University of Brighton is part of a pilot project to create the world’s first clay bricks made 100% using green hydrogen energy rather than natural gas.
A trio of Brighton researchers – Dr Kevin Wyche, Doug Gregg and Dr Kirsty Smallbone – are involved in an initiative which could significantly reduce the huge climate impact of the construction industry worldwide.
As a key partner in the pioneering Hydrogen Sussex project to support the development of a low carbon hydrogen economy and help move the region towards Net Zero, the University of Brighton team have been working with local firm Michelmersh, the UK’s fourth-largest brick manufacturer. The Brighton researchers are focusing on measuring the impact on air quality of using hydrogen to fire bricks.

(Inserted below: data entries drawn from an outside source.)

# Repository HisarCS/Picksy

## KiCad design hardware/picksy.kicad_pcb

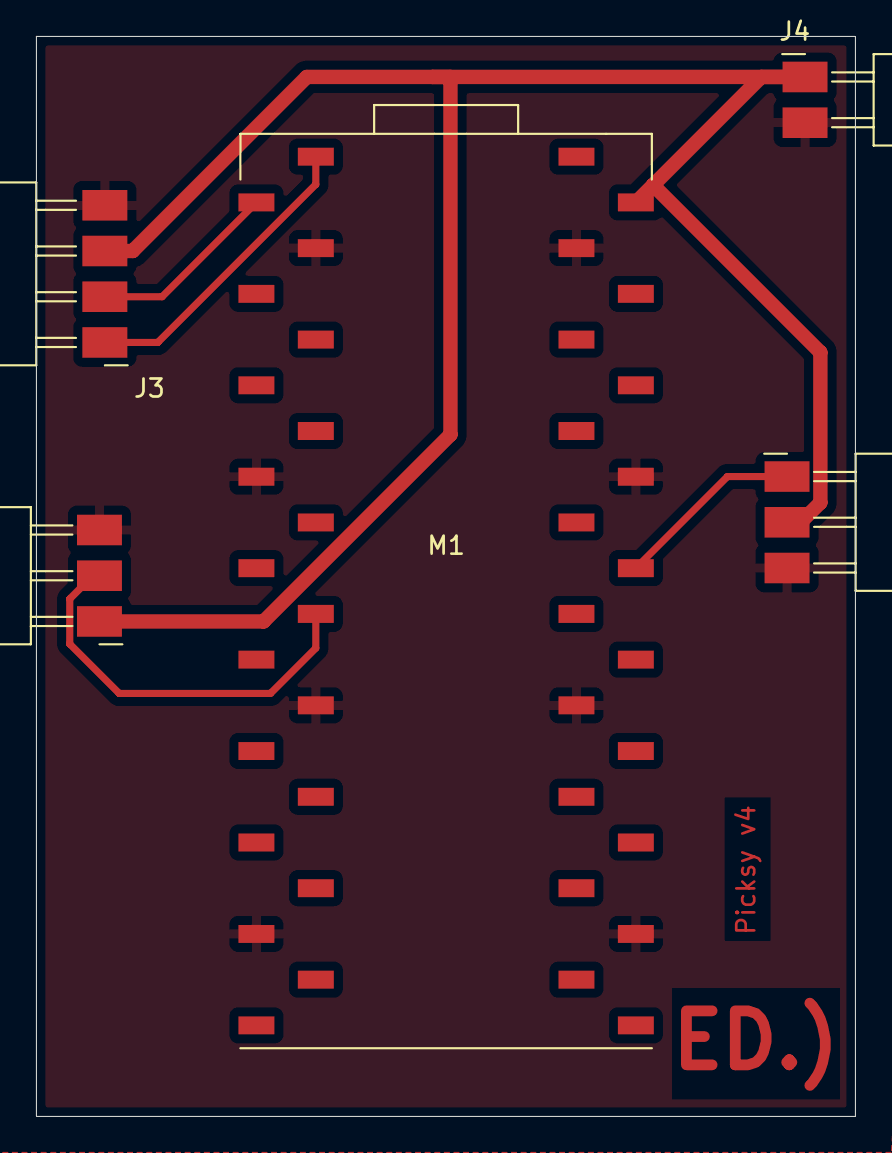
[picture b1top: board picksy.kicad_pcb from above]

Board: 2 copper layers, 45.5 x 60.0 mm, 5 parts (0 on the bottom side), 6 nets.

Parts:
J1: Servo; PinHeader_01x03_P2.54mm_Horizontal_SMD
J2: Mic; PinHeader_01x03_P2.54mm_Horizontal_SMD
J3: OLED; PinHeader_01x04_P2.54mm_Horizontal_SMD
J4: PWR; PinHeader_01x02_P2.54mm_Horizontal_SMD
M1: Module_RaspberryPi_PicoW_Combined; RaspberryPi_PicoW_SocketSMD

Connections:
ANALOG: J2.1, M1.31 (GP26)
GND: J1.3, J2.3, J3.4, J4.2, M1.3 (GND), M1.8 (GND), M1.13 (GND), M1.18 (GND), M1.23 (GND), M1.28 (GND), M1.33 (GND), M1.38 (GND)
GP: J1.2, M1.11 (GP8)
PWR: J1.1, J2.2, J3.3, J4.1, M1.39 (VSYS)
SCL: J3.2, M1.2 (GP1)
SDA: J3.1, M1.1 (GP0)

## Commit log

2025-05-21 main code files aq
2025-05-21 AI done
2025-05-27 BEN OMER DEGILIM,
2025-12-06 Add initial README with project title
2025-12-08 Add newline at end of LevelMenu.js
2025-12-08 Add feedback styles and modify existing classes
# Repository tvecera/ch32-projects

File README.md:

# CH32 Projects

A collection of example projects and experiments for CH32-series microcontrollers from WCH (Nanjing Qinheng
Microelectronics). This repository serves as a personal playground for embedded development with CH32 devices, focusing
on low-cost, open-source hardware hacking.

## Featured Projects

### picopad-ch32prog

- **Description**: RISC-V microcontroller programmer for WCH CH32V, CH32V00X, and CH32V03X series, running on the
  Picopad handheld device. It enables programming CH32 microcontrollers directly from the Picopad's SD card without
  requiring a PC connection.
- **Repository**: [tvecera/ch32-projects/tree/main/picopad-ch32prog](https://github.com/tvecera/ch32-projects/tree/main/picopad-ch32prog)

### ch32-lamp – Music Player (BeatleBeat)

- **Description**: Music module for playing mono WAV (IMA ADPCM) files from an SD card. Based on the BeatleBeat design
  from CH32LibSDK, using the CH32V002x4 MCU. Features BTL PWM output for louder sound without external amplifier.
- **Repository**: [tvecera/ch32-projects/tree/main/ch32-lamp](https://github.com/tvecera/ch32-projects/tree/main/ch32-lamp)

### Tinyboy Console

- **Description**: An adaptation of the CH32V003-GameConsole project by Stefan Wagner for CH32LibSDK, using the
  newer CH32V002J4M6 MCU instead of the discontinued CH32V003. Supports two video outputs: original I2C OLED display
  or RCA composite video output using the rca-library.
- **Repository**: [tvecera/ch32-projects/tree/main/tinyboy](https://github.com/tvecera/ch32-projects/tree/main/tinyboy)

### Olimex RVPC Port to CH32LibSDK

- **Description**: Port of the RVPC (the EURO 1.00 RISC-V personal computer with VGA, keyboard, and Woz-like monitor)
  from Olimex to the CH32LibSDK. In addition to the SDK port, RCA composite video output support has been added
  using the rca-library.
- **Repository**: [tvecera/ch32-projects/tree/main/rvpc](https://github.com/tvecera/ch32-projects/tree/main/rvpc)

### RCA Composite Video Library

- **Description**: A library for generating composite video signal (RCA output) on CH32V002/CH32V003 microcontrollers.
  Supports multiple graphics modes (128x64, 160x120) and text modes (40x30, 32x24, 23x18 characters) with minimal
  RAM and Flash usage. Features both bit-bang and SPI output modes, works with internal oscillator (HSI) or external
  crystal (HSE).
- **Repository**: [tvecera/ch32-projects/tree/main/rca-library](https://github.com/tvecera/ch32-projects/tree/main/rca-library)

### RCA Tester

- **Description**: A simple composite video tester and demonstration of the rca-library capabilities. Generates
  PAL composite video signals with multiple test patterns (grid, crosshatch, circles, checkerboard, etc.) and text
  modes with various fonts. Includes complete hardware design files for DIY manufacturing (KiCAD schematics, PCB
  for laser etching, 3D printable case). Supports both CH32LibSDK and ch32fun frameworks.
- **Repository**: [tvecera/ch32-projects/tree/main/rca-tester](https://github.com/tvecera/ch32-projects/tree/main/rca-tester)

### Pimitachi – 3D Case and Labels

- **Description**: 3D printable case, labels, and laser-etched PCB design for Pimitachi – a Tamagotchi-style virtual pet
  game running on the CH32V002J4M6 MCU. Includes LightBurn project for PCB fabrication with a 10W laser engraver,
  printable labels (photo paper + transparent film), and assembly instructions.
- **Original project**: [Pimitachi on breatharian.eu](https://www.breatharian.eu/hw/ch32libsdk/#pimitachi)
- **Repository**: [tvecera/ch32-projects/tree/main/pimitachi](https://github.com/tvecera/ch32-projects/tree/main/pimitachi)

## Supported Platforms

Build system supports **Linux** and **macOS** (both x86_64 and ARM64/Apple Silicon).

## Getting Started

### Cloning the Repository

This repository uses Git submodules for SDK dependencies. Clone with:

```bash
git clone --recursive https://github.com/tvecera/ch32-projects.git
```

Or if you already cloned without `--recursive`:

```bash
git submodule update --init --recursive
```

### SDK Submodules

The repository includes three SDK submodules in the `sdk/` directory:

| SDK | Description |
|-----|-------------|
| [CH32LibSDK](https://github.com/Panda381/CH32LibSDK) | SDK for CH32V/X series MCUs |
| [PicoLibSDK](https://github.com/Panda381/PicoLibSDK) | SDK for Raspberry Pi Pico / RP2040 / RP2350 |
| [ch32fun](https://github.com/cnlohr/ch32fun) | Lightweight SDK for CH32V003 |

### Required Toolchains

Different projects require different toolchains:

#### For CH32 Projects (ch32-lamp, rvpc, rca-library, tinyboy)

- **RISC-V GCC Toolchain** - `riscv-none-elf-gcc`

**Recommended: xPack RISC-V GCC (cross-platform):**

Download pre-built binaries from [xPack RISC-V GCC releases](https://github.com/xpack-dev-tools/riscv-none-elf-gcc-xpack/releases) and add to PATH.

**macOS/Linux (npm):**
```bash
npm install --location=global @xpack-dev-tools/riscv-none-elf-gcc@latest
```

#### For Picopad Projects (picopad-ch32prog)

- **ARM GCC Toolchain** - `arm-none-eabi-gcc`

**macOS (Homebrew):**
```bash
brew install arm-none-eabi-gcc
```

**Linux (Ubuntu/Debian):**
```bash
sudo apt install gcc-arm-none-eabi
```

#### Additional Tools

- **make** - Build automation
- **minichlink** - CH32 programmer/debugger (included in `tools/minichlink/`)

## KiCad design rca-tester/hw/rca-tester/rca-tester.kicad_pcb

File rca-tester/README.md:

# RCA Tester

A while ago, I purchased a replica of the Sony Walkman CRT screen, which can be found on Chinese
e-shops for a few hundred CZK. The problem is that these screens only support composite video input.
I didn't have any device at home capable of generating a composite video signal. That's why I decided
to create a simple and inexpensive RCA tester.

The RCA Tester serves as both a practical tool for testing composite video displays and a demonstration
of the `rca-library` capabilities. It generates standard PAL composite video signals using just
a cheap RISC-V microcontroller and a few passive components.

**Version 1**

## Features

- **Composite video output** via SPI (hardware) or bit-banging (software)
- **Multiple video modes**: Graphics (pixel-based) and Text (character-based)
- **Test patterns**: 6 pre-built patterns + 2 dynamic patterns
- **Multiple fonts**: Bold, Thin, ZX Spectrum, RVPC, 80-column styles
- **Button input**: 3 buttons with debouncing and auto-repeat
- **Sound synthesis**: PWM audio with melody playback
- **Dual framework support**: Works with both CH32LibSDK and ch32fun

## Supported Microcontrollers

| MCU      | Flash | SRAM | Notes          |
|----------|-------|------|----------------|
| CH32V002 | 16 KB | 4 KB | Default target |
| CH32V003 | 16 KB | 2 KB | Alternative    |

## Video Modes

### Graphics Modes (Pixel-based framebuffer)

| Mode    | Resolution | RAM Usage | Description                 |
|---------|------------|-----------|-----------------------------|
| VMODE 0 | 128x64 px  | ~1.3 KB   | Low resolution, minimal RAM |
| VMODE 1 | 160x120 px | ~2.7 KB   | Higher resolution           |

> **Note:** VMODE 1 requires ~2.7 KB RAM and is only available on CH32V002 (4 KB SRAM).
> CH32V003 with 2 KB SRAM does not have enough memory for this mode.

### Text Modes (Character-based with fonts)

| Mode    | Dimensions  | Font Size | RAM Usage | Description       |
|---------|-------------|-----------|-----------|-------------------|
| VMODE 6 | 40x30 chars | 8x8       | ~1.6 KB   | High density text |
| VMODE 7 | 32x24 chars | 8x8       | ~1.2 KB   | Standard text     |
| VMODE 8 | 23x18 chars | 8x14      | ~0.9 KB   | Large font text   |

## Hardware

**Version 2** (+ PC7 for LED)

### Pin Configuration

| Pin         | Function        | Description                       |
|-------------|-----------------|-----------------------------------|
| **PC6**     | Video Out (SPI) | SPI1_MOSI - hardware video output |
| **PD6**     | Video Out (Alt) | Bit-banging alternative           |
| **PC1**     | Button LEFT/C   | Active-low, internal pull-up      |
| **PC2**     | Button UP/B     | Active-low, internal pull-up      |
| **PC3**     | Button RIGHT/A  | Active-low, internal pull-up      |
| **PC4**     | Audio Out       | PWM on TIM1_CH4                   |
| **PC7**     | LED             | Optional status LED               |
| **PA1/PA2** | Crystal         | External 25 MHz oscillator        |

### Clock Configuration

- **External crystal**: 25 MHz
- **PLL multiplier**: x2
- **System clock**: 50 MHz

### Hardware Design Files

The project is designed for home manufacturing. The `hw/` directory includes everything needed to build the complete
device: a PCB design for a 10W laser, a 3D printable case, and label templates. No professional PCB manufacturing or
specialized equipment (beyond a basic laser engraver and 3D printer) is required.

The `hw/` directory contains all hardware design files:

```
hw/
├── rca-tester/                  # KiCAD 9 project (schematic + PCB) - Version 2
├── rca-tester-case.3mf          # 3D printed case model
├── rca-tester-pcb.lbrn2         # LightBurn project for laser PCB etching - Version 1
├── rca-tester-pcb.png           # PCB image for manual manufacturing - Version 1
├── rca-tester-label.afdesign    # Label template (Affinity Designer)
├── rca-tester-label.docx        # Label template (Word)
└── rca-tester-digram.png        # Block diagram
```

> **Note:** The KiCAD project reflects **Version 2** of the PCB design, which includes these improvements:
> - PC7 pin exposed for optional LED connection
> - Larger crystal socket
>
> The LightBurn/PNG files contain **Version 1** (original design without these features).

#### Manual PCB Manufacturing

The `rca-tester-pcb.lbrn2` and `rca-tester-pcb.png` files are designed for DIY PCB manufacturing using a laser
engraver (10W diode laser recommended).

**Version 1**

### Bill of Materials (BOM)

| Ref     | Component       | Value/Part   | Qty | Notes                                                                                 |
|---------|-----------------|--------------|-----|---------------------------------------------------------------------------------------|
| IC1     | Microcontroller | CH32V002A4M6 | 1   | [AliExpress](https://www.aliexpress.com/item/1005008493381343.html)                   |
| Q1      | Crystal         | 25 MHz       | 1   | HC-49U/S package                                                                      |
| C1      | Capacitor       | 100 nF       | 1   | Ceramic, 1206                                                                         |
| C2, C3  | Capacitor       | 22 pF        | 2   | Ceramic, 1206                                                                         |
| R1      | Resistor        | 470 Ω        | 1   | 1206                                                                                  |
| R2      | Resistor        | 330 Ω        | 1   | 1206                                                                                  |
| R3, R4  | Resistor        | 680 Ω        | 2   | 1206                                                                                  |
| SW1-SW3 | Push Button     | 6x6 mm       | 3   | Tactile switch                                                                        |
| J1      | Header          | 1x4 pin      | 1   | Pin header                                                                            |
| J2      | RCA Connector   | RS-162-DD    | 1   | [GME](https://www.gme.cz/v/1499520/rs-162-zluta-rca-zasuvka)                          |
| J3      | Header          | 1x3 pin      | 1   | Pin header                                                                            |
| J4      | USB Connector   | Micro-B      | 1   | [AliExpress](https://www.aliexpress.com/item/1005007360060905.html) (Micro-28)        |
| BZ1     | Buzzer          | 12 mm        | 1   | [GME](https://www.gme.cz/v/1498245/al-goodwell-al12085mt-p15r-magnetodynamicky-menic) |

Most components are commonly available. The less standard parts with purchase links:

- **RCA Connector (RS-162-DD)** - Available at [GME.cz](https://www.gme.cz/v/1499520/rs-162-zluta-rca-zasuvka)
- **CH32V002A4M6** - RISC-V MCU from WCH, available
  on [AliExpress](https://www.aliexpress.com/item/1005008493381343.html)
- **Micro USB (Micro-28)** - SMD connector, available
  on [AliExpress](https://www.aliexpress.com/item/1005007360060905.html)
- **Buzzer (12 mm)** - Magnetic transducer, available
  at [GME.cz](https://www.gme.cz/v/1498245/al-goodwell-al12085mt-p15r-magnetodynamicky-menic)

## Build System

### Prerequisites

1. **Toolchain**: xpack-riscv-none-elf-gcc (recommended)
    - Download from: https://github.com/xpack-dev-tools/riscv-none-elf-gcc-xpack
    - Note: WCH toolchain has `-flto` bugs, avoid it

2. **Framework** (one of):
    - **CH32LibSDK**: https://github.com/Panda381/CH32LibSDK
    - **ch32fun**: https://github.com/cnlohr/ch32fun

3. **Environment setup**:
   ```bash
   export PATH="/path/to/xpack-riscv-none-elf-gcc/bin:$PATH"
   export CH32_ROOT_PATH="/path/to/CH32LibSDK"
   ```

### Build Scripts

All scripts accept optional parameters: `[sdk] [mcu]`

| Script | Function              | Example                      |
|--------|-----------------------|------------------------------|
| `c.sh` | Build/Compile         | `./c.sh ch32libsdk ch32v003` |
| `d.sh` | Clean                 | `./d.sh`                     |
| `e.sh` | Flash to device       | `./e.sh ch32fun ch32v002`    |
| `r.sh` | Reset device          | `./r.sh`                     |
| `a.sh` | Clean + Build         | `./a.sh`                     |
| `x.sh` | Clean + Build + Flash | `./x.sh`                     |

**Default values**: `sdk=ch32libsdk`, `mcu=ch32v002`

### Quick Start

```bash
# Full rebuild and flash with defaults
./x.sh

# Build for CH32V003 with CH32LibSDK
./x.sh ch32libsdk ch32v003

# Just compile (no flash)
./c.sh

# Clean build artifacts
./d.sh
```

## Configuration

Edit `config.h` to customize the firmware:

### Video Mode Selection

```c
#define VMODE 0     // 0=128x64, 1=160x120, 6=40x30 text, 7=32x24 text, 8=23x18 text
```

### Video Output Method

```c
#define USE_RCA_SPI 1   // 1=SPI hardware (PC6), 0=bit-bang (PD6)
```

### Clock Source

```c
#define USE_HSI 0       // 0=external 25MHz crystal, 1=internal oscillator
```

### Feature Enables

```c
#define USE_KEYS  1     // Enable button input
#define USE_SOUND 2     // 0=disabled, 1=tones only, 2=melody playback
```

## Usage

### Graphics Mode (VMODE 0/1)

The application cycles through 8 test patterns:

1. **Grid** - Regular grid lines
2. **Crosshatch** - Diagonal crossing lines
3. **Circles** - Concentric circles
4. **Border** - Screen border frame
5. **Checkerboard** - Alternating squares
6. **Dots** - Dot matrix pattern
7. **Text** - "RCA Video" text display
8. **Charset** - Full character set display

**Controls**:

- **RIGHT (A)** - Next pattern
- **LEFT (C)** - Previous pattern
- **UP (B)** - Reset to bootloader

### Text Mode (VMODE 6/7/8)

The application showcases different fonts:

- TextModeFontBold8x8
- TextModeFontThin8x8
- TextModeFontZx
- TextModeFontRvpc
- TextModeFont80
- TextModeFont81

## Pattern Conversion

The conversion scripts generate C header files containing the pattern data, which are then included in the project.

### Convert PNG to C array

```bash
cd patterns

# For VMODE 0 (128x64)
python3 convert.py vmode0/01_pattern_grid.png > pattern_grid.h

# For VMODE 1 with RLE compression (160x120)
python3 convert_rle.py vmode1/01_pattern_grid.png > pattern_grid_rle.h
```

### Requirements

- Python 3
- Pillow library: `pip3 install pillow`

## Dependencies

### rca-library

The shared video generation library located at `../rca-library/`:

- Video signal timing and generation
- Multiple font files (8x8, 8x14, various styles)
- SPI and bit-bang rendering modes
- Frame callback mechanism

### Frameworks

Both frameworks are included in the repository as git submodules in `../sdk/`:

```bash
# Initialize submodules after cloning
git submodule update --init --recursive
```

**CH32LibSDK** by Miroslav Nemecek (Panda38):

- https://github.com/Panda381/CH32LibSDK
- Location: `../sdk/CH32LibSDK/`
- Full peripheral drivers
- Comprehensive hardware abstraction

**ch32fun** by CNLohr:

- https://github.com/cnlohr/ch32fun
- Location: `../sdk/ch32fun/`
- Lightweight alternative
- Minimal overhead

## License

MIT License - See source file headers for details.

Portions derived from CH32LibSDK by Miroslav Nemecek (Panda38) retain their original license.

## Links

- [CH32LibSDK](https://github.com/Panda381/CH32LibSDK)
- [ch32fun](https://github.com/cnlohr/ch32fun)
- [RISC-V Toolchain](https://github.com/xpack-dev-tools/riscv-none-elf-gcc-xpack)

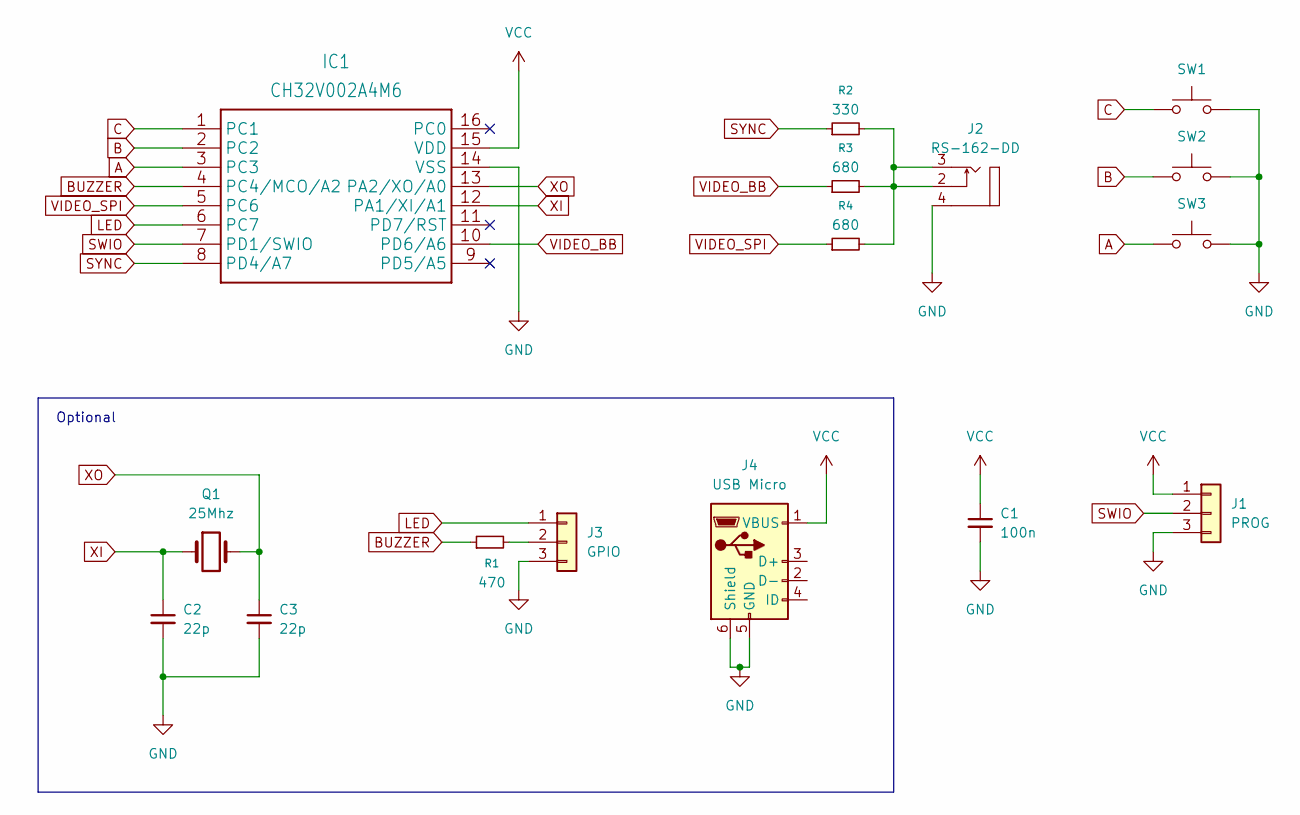
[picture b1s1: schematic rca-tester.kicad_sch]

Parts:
C1: 100n; C_1206_3216Metric_Pad1.33x1.80mm_HandSolder
C2, C3: 22p; C_1206_3216Metric_Pad1.33x1.80mm_HandSolder
IC1: CH32V002A4M6; SOP-16_4.55x10.3mm_P1.27mm
J1: PROG; PinSocket_1x03_P2.54mm_Vertical
J2: RS-162-DD
J3: GPIO; PinSocket_1x05_P2.54mm_Vertical
J4: USB Micro; USB_Micro-B_Amphenol_10118194_Horizontal
Q1: 25Mhz; PinSocket_1x03_P2.54mm_Vertical
R1: 470; R_1206_3216Metric_Pad1.30x1.75mm_HandSolder
R2: 330; R_1206_3216Metric_Pad1.30x1.75mm_HandSolder
R3, R4: 680; R_1206_3216Metric_Pad1.30x1.75mm_HandSolder
SW1, SW2, SW3: SW_Push; SW_PUSH_6mm

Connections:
A: IC1.3 (PC3), SW3.1
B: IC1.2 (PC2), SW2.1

Overall CO2 emissions from UK brick making exceeds 1 million tonnes per year, and if the Sussex trial is successful, replacing natural gas with hydrogen in the brick-firing process could cut emissions from the industry by 80%.
Michelmersh currently produces 125 million bricks a year (out of a UK annual total of 1.9 billion), and production of so-called Hybricks will be tested at the company’s site in Danehill near Haywards Heath. Hybricks will be made using green electrolytic hydrogen – hydrogen that has been produced using renewable energy. The prototype Hybricks will then be tested under different heat and weather conditions to compare their performance to bricks made using natural gas.
Dr Kevin Wyche, Director of the Centre for Earth Observation Science, Environment and Public Health at University of Brighton, said: “Achieving net-zero is vital if we are to arrest the changes occurring in our atmosphere and to climate. To do this we need to begin to de-carbonise our industry, removing the reliance on fossil fuels. Switching to hydrogen in processes such as brick making will be a key part of this.”
Abigail Dombey, Chair of Hydrogen Sussex and Director of Net Zero Associates, said: “It’s incredibly exciting to be involved with the production of the world’s first 100% hydrogen-fired clay bricks. Construction is a huge contributor to carbon emissions so this environmentally-friendly innovation will play a vital role as a building block in our net-zero future.”
Michelmersh Innovation Director Sarah Le Gresley said: “This is an exciting and significant project that could make a huge difference to the environment not just in the UK but around the world. By pushing the boundaries to a whole new level, we can help the UK to become a world leader in sustainable manufacturing.”